Mood and bipolar disorders

What are these disorders?

Mood can be defined as a state of mind or general inner feeling. Unlike emotions, mood is stable and long-lasting, and can persist for several days. Emotions, on the other hand, are specific (for example, jealousy, nostalgia or enthusiasm), intense and often arise in reaction to recent events. Mood falls on a continuum between positive and negative. Most people experience periods of happiness, sadness, excitement and difficulty, fluctuating slightly between positive and negative moods. Mood-related disorders fall into two categories: mood disorders and bipolar disorders.

When someone remains in a very negative, debilitating mood for a long period, we call that a mood disorder. Currently, the Diagnostic and Statistical Manual of Mental Disorders (DSM-5) recognizes three mood disorders in adults: major depressive disorder, persistent depressive disorder and premenstrual dysphoric disorder.The common feature of these disorders is the presence of a sad, empty or irritable mood and a loss of interest in all activities, accompanied by cognitive and physical changes (e.g. shifts in sleep patterns, appetite or increased psychomotor agitation), which significantly affect an individual’s ability to function.

These disorders are differentiated by their duration, time of onset and origin of symptoms. It should be noted that depressive disorders can be triggered by challenging life events as well as by chemical imbalances in the brain. It is therefore important to consult a doctor or psychologist to effectively treat depression.

When a person fluctuates between the two extremes or “poles” of mood, we call this bipolar disorder, also known as manic-depressive psychosis or manic depression. These disproportion fluctuations are so intense that, when experiencing the positive pole, a person doesn’t realize that they are overstepping boundaries or overly excited. When they’re experiencing the negative pole, they may be paralyzed by depression.

The extremely positive pole is calledmania and its attenuated form is called hypomania. Mania is characterized by a feeling of omnipotence, increased risk taking, a quick succession of fleeting ideas, a decreased need for sleep and the simultaneous pursuit of multiple goals. Manic and depressive phases can last from a few days to several months and may be interspersed with phases of relative stability.

Currently, the DSM-5 recognizes three bipolar disorders: bipolar I, la bipolar II et le cyclothymic disorder. bipolar I, bipolar II and cyclothymic disorder. These disorders differ in the intensity and duration of the manic/hypomanic and depressive phases. It should be noted that bipolar disorders are generally of biological origin, resulting from chemical imbalances in the brain. However, it is possible for a difficult life event to accentuate these imbalances and trigger a manic or depressive episode.


How does this impact loved ones?

Depression is very difficult to understand and can be disturbing for the person experiencing it and those around them. It can also be challenging for family and friends to understand the pessimistic, negative, dark and biased perspective of someone living with depression. It is difficult to see a loved one denigrate themselves, be sad, withdrawn, or unable to perform simple tasks.

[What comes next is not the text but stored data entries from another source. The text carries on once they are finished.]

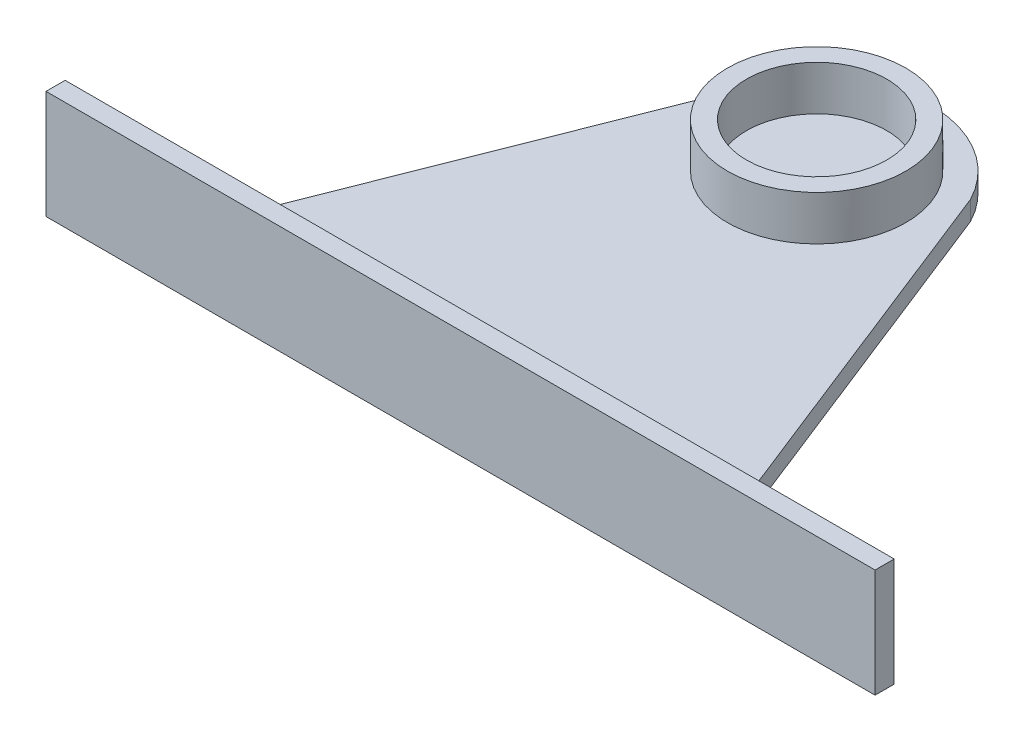
SolidWorks part; units mm, degrees
ref_plane "Front Plane" through (0, 0, 0) normal (0, 0, 1) x (1, 0, 0)
ref_plane "Top Plane" through (0, 0, 0) normal (0, 1, 0) x (1, 0, 0)
ref_plane "Right Plane" through (0, 0, 0) normal (1, 0, 0) x (0, 0, -1)
sketch "Sketch1" plane through (0, 0, 0) normal (0, 1, 0) x (1, 0, 0)
  line L0 (-48.9291, -17.8351) -> (31.0709, -17.8351)
  line L1 (31.0709, -17.8351) -> (6.9855, 43.197)
  line L2 (-24.8438, 43.197) -> (-48.9291, -17.8351)
  line L3 (-8.9291, -17.8351) -> (-8.9291, 35.0049) construction
  arc A0 (-24.8438, 43.197) -> (6.9855, 43.197) centre (-8.9291, 35.0049) cw
  circle A1 centre (-8.9291, 35.0049) radius 11 construction
  dimension "D3" = 22
  dimension "D1" = 80
  dimension "D4" = 52.84
extrude "Boss-Extrude1" add sketch "Sketch1" along normal blind 3
sketch "Sketch2" plane through (0, 3, 0) normal (0, 1, 0) x (1, 0, 0)
  circle A0 centre (-8.9291, 35.0049) radius 11
  circle A1 centre (-8.9291, 35.0049) radius 14
  dimension "D1" = 28
  dimension "D2" = 22
extrude "Boss-Extrude2" add sketch "Sketch2" along normal blind 7
sketch "Sketch3" plane through (0, 0, 17.8351) normal (0, 0, 1) x (1, 0, 0)
  line L0 (31.0709, 3) -> (31.0709, 0) construction
  line L1 (-73.9291, -7.7495) -> (56.0709, -7.7495)
  line L2 (-73.9291, -7.7495) -> (-73.9291, 9.2505)
  line L3 (-73.9291, 9.2505) -> (56.0709, 9.2505)
  line L4 (56.0709, -7.7495) -> (56.0709, 9.2505)
  line L6 (-48.9291, 3) -> (-48.9291, 0) construction
  dimension "D1" = 25
  dimension "D2" = 17
  dimension "D3" = 130
  dimension "D4" = 25
extrude "Boss-Extrude3" add sketch "Sketch3" along normal blind 3
sketch "Sketch4" plane through (0, 0, 17.8351) normal (0, 0, -1) x (-1, 0, 0)
  line L0 (-56.0709, 9.2505) -> (73.9291, 9.2505) construction
  circle A0 centre (-23.299, 5.7505) radius 2.5726
  dimension "D2" = 5.1453
  dimension "D1" = 3.5
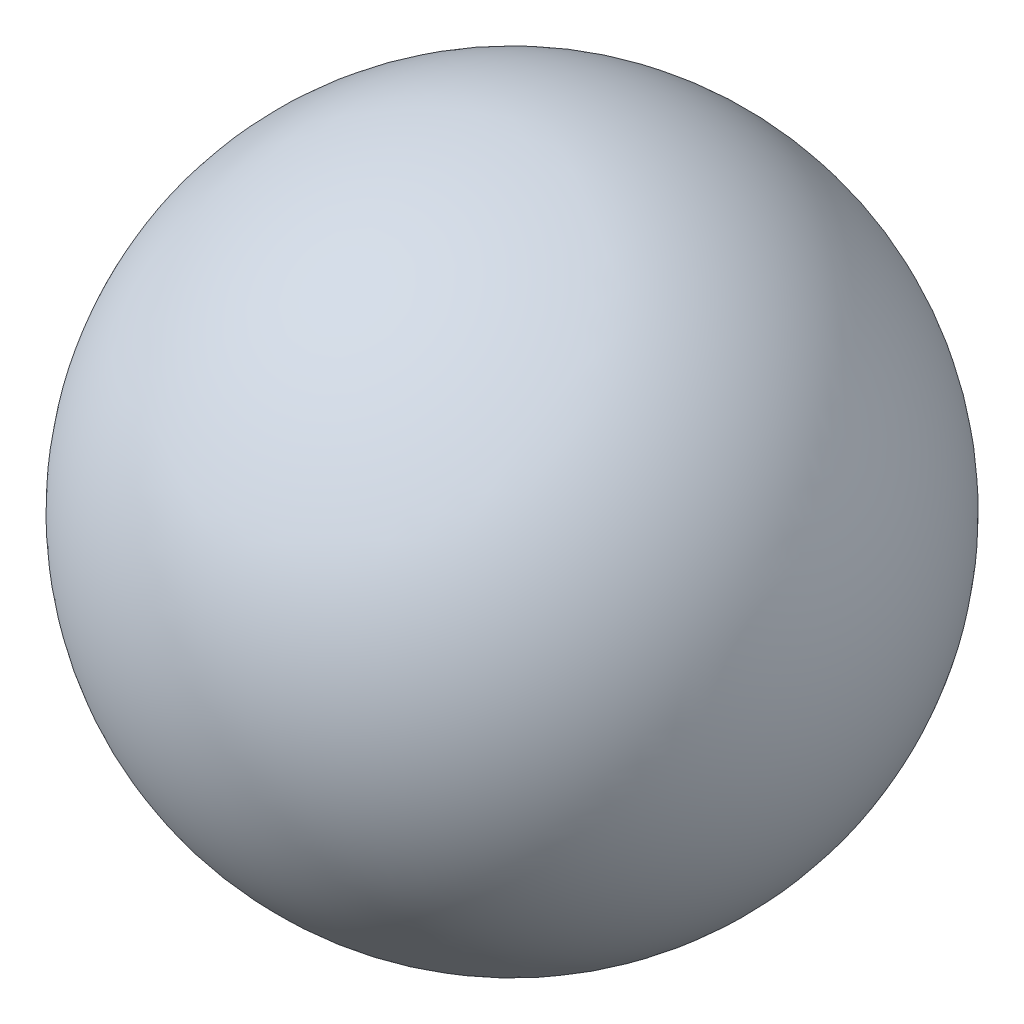
SolidWorks part; units mm, degrees
ref_plane "Plano frontal" through (0, 0, 0) normal (0, 0, 1) x (1, 0, 0)
ref_plane "Plano superior" through (0, 0, 0) normal (0, 1, 0) x (1, 0, 0)
ref_plane "Plano direito" through (0, 0, 0) normal (1, 0, 0) x (0, 0, -1)
sketch "Esboço2" plane through (0, 0, 0) normal (0, 0, 1) x (1, 0, 0)
  line L0 (25, 0) -> (-25, 0)
  arc A0 (25, 0) -> (-25, 0) centre (0, 0) ccw
  dimension "D1" = 50
revolve "Revolução1" add sketch "Esboço2" angle 360 about L0
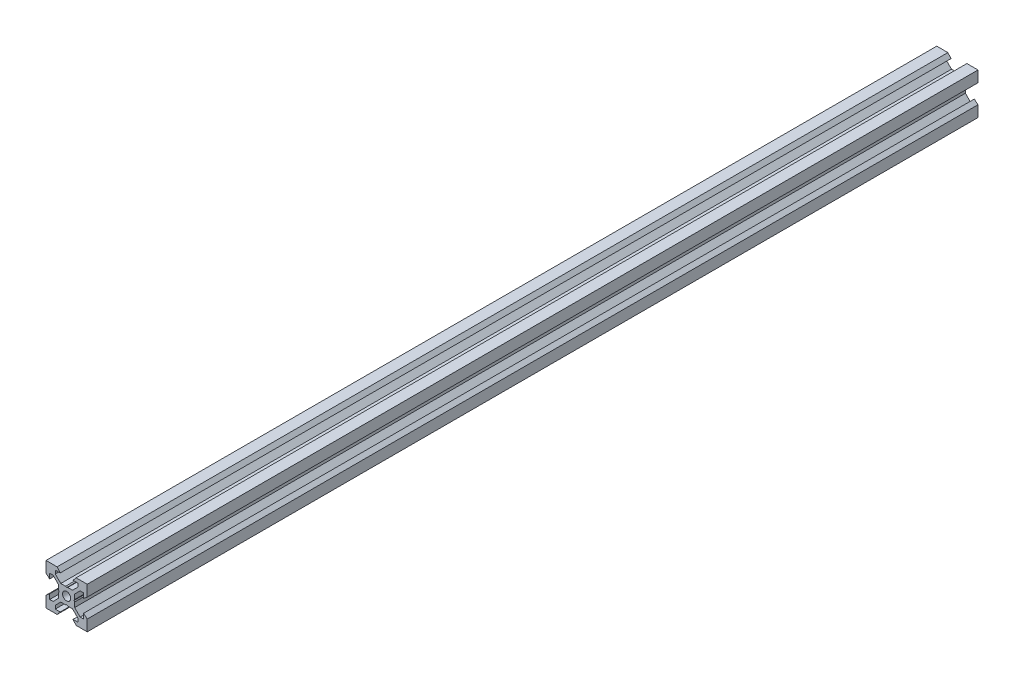
SolidWorks part; units mm, degrees
ref_plane "Front Plane" through (0, 0, 0) normal (0, 0, 1) x (1, 0, 0)
ref_plane "Top Plane" through (0, 0, 0) normal (0, 1, 0) x (1, 0, 0)
ref_plane "Right Plane" through (0, 0, 0) normal (1, 0, 0) x (0, 0, -1)
sketch "Sketch1" plane through (0, 0, 0) normal (0, 0, 1) x (1, 0, 0)
  line L0 (10, 10) -> (4.6104, 10) construction
  line L1 (10, 10) -> (10, 4.6104) construction
  line L2 (10, -10) -> (10, -4.6104) construction
  line L3 (10, -10) -> (4.6104, -10) construction
  line L4 (10, 10) -> (10, 4.6104)
  line L5 (6.5607, 5.5) -> (8.2, 5.5)
  line L6 (5.5, 8.2) -> (5.5, 6.5607)
  line L7 (10, 10) -> (4.6104, 10)
  line L8 (10, 10) -> (10, 4.6104)
  line L9 (6.5607, 5.5) -> (3.9, 2.8393)
  line L10 (5.5, 6.5607) -> (2.8393, 3.9)
  line L11 (10, 4.6104) -> (8.2, 3.1)
  line L12 (4.6104, 10) -> (3.1, 8.2)
  line L13 (8.2, 3.1) -> (8.2, 5.5)
  line L14 (3.1, 8.2) -> (5.5, 8.2)
  line L15 (-6.5607, 5.5) -> (-8.2, 5.5)
  line L16 (6.5607, -5.5) -> (8.2, -5.5)
  line L17 (3.1, -8.2) -> (5.5, -8.2)
  line L18 (8.2, -3.1) -> (8.2, -5.5)
  line L19 (4.6104, -10) -> (3.1, -8.2)
  line L20 (10, -4.6104) -> (8.2, -3.1)
  line L21 (0.5196, -3.9) -> (0, -3.6)
  line L22 (0.5196, 3.9) -> (0, 3.6)
  line L23 (3.6, 0) -> (3.9, -0.5196)
  line L24 (3.9, 0.5196) -> (3.6, 0)
  line L25 (3.9, 0.5196) -> (3.9, 2.8393)
  line L26 (2.8393, 3.9) -> (0.5196, 3.9)
  line L27 (3.9, -2.8393) -> (3.9, -0.5196)
  line L28 (2.8393, -3.9) -> (0.5196, -3.9)
  line L29 (5.5, -6.5607) -> (2.8393, -3.9)
  line L30 (6.5607, -5.5) -> (3.9, -2.8393)
  line L31 (10, -10) -> (10, -4.6104)
  line L32 (10, -10) -> (4.6104, -10)
  line L33 (5.5, -8.2) -> (5.5, -6.5607)
  line L34 (-6.5607, -5.5) -> (-8.2, -5.5)
  line L35 (10, -10) -> (10, -4.6104)
  line L36 (0, 0) -> (0, 8.2) construction
  line L37 (-10, -10) -> (-4.6104, -10) construction
  line L38 (-10, -10) -> (-10, -4.6104) construction
  line L39 (-10, 10) -> (-10, 4.6104) construction
  line L40 (-10, 10) -> (-4.6104, 10) construction
  line L41 (-10, -10) -> (-10, -4.6104)
  line L43 (-5.5, -8.2) -> (-5.5, -6.5607)
  line L44 (-10, -10) -> (-4.6104, -10)
  line L45 (-10, -10) -> (-10, -4.6104)
  line L46 (-6.5607, -5.5) -> (-3.9, -2.8393)
  line L47 (-5.5, -6.5607) -> (-2.8393, -3.9)
  line L48 (-2.8393, -3.9) -> (-0.5196, -3.9)
  line L49 (-3.9, -2.8393) -> (-3.9, -0.5196)
  line L50 (-2.8393, 3.9) -> (-0.5196, 3.9)
  line L51 (-3.9, 0.5196) -> (-3.9, 2.8393)
  line L52 (-3.9, 0.5196) -> (-3.6, 0)
  line L53 (-3.6, 0) -> (-3.9, -0.5196)
  line L54 (-0.5196, 3.9) -> (0, 3.6)
  line L55 (-0.5196, -3.9) -> (0, -3.6)
  line L56 (-10, -4.6104) -> (-8.2, -3.1)
  line L57 (-4.6104, -10) -> (-3.1, -8.2)
  line L58 (-8.2, -3.1) -> (-8.2, -5.5)
  line L59 (-3.1, -8.2) -> (-5.5, -8.2)
  line L60 (-10, -10) -> (10, -10) construction
  line L61 (-10, -10) -> (-10, 10) construction
  line L62 (-3.1, 8.2) -> (-5.5, 8.2)
  line L63 (-8.2, 3.1) -> (-8.2, 5.5)
  line L64 (-4.6104, 10) -> (-3.1, 8.2)
  line L65 (-10, 4.6104) -> (-8.2, 3.1)
  line L66 (-5.5, 6.5607) -> (-2.8393, 3.9)
  line L67 (-6.5607, 5.5) -> (-3.9, 2.8393)
  line L68 (-10, 10) -> (-10, 4.6104)
  line L69 (-10, 10) -> (-4.6104, 10)
  line L70 (-5.5, 8.2) -> (-5.5, 6.5607)
  line L71 (-10, 10) -> (10, 10) construction
  line L72 (-10, 10) -> (-10, 4.6104)
  line L73 (10, -10) -> (10, 10) construction
  line L74 (-10, -10) -> (10, 10) construction
  line L75 (-10, 10) -> (10, -10) construction
  circle A0 centre (0, 0) radius 2
  dimension "D7" = 4
  dimension "D1" = 20
  dimension "D2" = 5.3896
  dimension "D3" = 4.5
  dimension "D4" = 50
  dimension "D5" = 1.8
  dimension "D6" = 1.5104
  dimension "D8" = 5.5
  dimension "D9" = 120
  dimension "D10" = 0.3
  dimension "D11" = 2.3197
  dimension "D12" = 7.8
  dimension "D13" = 7.8
  dimension "D14" = 1.5
  dimension "D15" = 2.6607
extrude "Boss-Extrude1" add sketch "Sketch1" along normal mid plane 432 contours L70 L62 L64 L69 L68 L65 L63 L15 L67 L51 L52 L53 L49 L46 L34 L58 L56 L41 L44 L57 L59 L43 L47 L48 L55 L21 L28 L29 L33 L17 L19 L32 L31 L20 L18 L16 L30 L27 L23 L24 L25 L9 L5 L13 L11 L4 L7 L12 L14 L6 L10
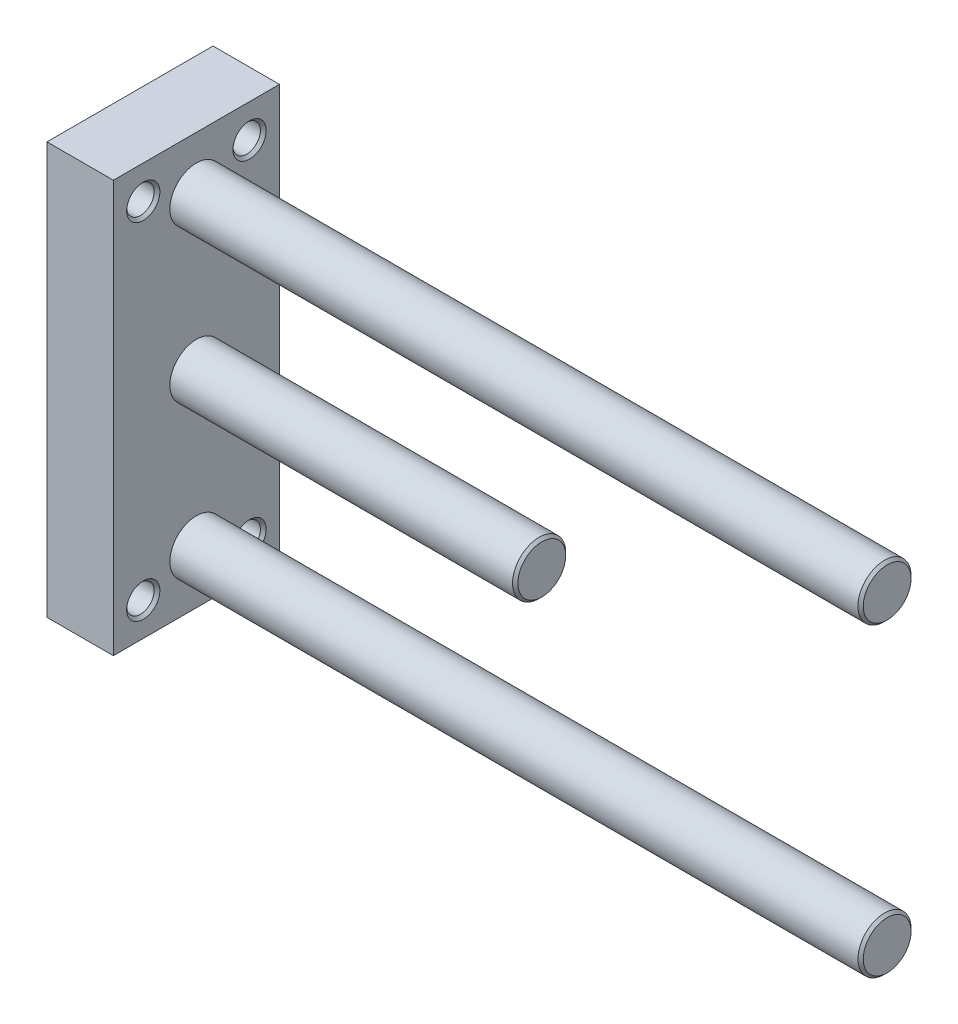
SolidWorks part; units mm, degrees
ref_plane "Front" through (0, 0, 0) normal (0, 0, 1) x (1, 0, 0)
ref_plane "Top" through (0, 0, 0) normal (0, 1, 0) x (1, 0, 0)
ref_plane "Right" through (0, 0, 0) normal (1, 0, 0) x (0, 0, -1)
ref_plane "Plane1" through (0, 0, 0) normal (1, 0, 0) x (0, 0, -1)
sketch "Sketch1" plane through (0, 0, 0) normal (1, 0, 0) x (0, 0, -1)
  line L0 (-12.5, -31) -> (12.5, -31)
  line L1 (12.5, -31) -> (12.5, 31)
  line L2 (12.5, 31) -> (-12.5, 31)
  line L3 (-12.5, 31) -> (-12.5, -31)
extrude "Boss-Extrude1" add sketch "Sketch1" along normal blind 10
ref_plane "Plane2" through (0, 26, 0) normal (0, 1, 0) x (-1, 0, 0)
sketch "Sketch2" plane through (0, 26, 0) normal (0, 1, 0) x (-1, 0, 0)
  line L0 (0, -8) -> (0, -10.5)
  line L1 (0, -10.5) -> (-0.433, -10.067)
  line L2 (-0.433, -10.067) -> (-9.567, -10.067)
  line L3 (-9.567, -10.067) -> (-10, -10.5)
  line L4 (-10, -10.5) -> (-10, -8)
  line L5 (-10, -8) -> (0, -8)
  line L6 (-10, -8) -> (0, -8) construction
revolve "Cut-Revolve1" cut sketch "Sketch2" angle 360 about L6
ref_plane "Plane3" through (0, -26, 0) normal (0, 1, 0) x (-1, 0, 0)
sketch "Sketch3" plane through (0, -26, 0) normal (0, 1, 0) x (-1, 0, 0)
  line L0 (0, -8) -> (0, -10.5)
  line L1 (0, -10.5) -> (-0.433, -10.067)
  line L2 (-0.433, -10.067) -> (-9.567, -10.067)
  line L3 (-9.567, -10.067) -> (-10, -10.5)
  line L4 (-10, -10.5) -> (-10, -8)
  line L5 (-10, -8) -> (0, -8)
  line L6 (-10, -8) -> (0, -8) construction
revolve "Cut-Revolve2" cut sketch "Sketch3" angle 360 about L6
ref_plane "Plane4" through (0, -26, 0) normal (0, 1, 0) x (-1, 0, 0)
sketch "Sketch4" plane through (0, -26, 0) normal (0, 1, 0) x (-1, 0, 0)
  line L0 (0, 8) -> (0, 5.5)
  line L1 (0, 5.5) -> (-0.433, 5.933)
  line L2 (-0.433, 5.933) -> (-9.567, 5.933)
  line L3 (-9.567, 5.933) -> (-10, 5.5)
  line L4 (-10, 5.5) -> (-10, 8)
  line L5 (-10, 8) -> (0, 8)
  line L6 (-10, 8) -> (0, 8) construction
revolve "Cut-Revolve3" cut sketch "Sketch4" angle 360 about L6
ref_plane "Plane5" through (0, 26, 0) normal (0, 1, 0) x (-1, 0, 0)
sketch "Sketch5" plane through (0, 26, 0) normal (0, 1, 0) x (-1, 0, 0)
  line L0 (0, 8) -> (0, 5.5)
  line L1 (0, 5.5) -> (-0.433, 5.933)
  line L2 (-0.433, 5.933) -> (-9.567, 5.933)
  line L3 (-9.567, 5.933) -> (-10, 5.5)
  line L4 (-10, 5.5) -> (-10, 8)
  line L5 (-10, 8) -> (0, 8)
  line L6 (-10, 8) -> (0, 8) construction
revolve "Cut-Revolve4" cut sketch "Sketch5" angle 360 about L6
ref_plane "Plane6" through (0, 23, 0) normal (0, 1, 0) x (-1, 0, 0)
sketch "Sketch6" plane through (0, 23, 0) normal (0, 1, 0) x (-1, 0, 0)
  line L0 (0, 0) -> (0, -3.8)
  line L1 (0, -3.8) -> (-5.5556, -3.8)
  line L2 (-5.5556, -3.8) -> (-5.5556, -3.5)
  line L3 (-5.5556, -3.5) -> (-2.0556, -3.5)
  line L4 (-2.0556, -3.5) -> (-1.5556, -3)
  line L5 (-1.5556, -3) -> (-1.5556, -1.5)
  line L6 (-1.5556, -1.5) -> (-4.1556, -1.5)
  line L7 (-4.1556, -1.5) -> (-5.0216, 0)
  line L8 (-5.0216, 0) -> (0, 0)
  line L9 (-5.0216, 0) -> (0, 0) construction
revolve "Cut-Revolve5" cut sketch "Sketch6" angle 360 about L9
ref_plane "Plane7" through (0, 0, 0) normal (0, 1, 0) x (-1, 0, 0)
sketch "Sketch7" plane through (0, 0, 0) normal (0, 1, 0) x (-1, 0, 0)
  line L0 (0, 0) -> (0, -3.8)
  line L1 (0, -3.8) -> (-5.5556, -3.8)
  line L2 (-5.5556, -3.8) -> (-5.5556, -3.5)
  line L3 (-5.5556, -3.5) -> (-2.0556, -3.5)
  line L4 (-2.0556, -3.5) -> (-1.5556, -3)
  line L5 (-1.5556, -3) -> (-1.5556, -1.5)
  line L6 (-1.5556, -1.5) -> (-4.1556, -1.5)
  line L7 (-4.1556, -1.5) -> (-5.0216, 0)
  line L8 (-5.0216, 0) -> (0, 0)
  line L9 (-5.0216, 0) -> (0, 0) construction
revolve "Cut-Revolve6" cut sketch "Sketch7" angle 360 about L9
ref_plane "Plane8" through (0, -23, 0) normal (0, 1, 0) x (-1, 0, 0)
sketch "Sketch8" plane through (0, -23, 0) normal (0, 1, 0) x (-1, 0, 0)
  line L0 (0, 0) -> (0, -3.8)
  line L1 (0, -3.8) -> (-5.5556, -3.8)
  line L2 (-5.5556, -3.8) -> (-5.5556, -3.5)
  line L3 (-5.5556, -3.5) -> (-2.0556, -3.5)
  line L4 (-2.0556, -3.5) -> (-1.5556, -3)
  line L5 (-1.5556, -3) -> (-1.5556, -1.5)
  line L6 (-1.5556, -1.5) -> (-4.1556, -1.5)
  line L7 (-4.1556, -1.5) -> (-5.0216, 0)
  line L8 (-5.0216, 0) -> (0, 0)
  line L9 (-5.0216, 0) -> (0, 0) construction
revolve "Cut-Revolve7" cut sketch "Sketch8" angle 360 about L9
ref_plane "Plane9" through (0, 0, 0) normal (0, 1, 0) x (-1, 0, 0)
sketch "Sketch9" plane through (0, 0, 0) normal (0, 1, 0) x (-1, 0, 0)
  line L0 (-10, 0) -> (-10, -4)
  line L1 (-10, -4) -> (-61.6, -4)
  line L2 (-61.6, -4) -> (-62, -3.6)
  line L3 (-62, -3.6) -> (-62, 0)
  line L4 (-62, 0) -> (-10, 0)
  line L5 (-62, 0) -> (-10, 0) construction
revolve "Revolve1" add sketch "Sketch9" angle 360 about L5
ref_plane "Plane10" through (0, -23, 0) normal (0, 1, 0) x (-1, 0, 0)
sketch "Sketch10" plane through (0, -23, 0) normal (0, 1, 0) x (-1, 0, 0)
  line L0 (-10, 0) -> (-10, -4)
  line L1 (-10, -4) -> (-113.6, -4)
  line L2 (-113.6, -4) -> (-114, -3.6)
  line L3 (-114, -3.6) -> (-114, 0)
  line L4 (-114, 0) -> (-10, 0)
  line L5 (-114, 0) -> (-10, 0) construction
revolve "Revolve2" add sketch "Sketch10" angle 360 about L5
ref_plane "Plane11" through (0, 23, 0) normal (0, 1, 0) x (-1, 0, 0)
sketch "Sketch11" plane through (0, 23, 0) normal (0, 1, 0) x (-1, 0, 0)
  line L0 (-10, 0) -> (-10, -4)
  line L1 (-10, -4) -> (-113.6, -4)
  line L2 (-113.6, -4) -> (-114, -3.6)
  line L3 (-114, -3.6) -> (-114, 0)
  line L4 (-114, 0) -> (-10, 0)
  line L5 (-114, 0) -> (-10, 0) construction
revolve "Revolve3" add sketch "Sketch11" angle 360 about L5

It can also be challenging for family and friends to understand the pessimistic, negative, dark and biased perspective of someone living with depression. Depression can be onerous for family members in their attempts to lighten their loved one’s burden or compensate in other ways to help them through difficult periods. When depression becomes prolonged, it can create frustration (for example, due to the financial strain caused by an inability to work) or lead to feelings of apathy in friends and family members. Loved ones can suffer from a lack of resources, a sense of powerlessness, exhaustion and even guilt when their efforts to help fail.

Although people with depression play an important role in dealing with their disorder, they did not choose to become ill. Fortunately, certain pharmacological and psychotherapy treatments have been proven to improve depressive symptoms.

Mania can also be very difficult for family and friends when a loved one makes decisions that are out of character, acts erratically or seems out of touch with reality. Communicating with a manic person may be challenging. It can be helpful to speak quietly in an environment with few distractions. Mania can also lead to relationship issues, financial hardships (a manic person may spend excessively and impulsively), trouble at work or legal problems. These difficulties can impact the entire family in ways that must often be addressed when a person emerges from a manic phase. The disorder may also lead to hospitalization. In most cases, bipolarity can be treated with psychotherapy and medication, either separately or in combination. When a person seeks treatment, bipolarity usually can be well controlled.


What about seniors?

Bipolarity usually manifests in adolescence or early adulthood. In the elderly, bipolarity may remain in a steady, controlled trajectory, or it may become unstable.

Mood disorders,are slightler more prevalent among seniours. Although symptoms are the same at any age, a few characteristics are more specific to seniors. Older adults may complain of chronic pain or physical discomfort to hide depression. It’s also common for depressed seniors to live in the past, for example by bringing up old memories. They may talk about times in their life when they were happier, less bored and more useful. Geriatric depressionis often related to physical or social changes brought about by aging, and it is frequently trivialized or normalized. Pharmacological and psychotherapy treatments have also been shown to improve depressive symptoms among seniors.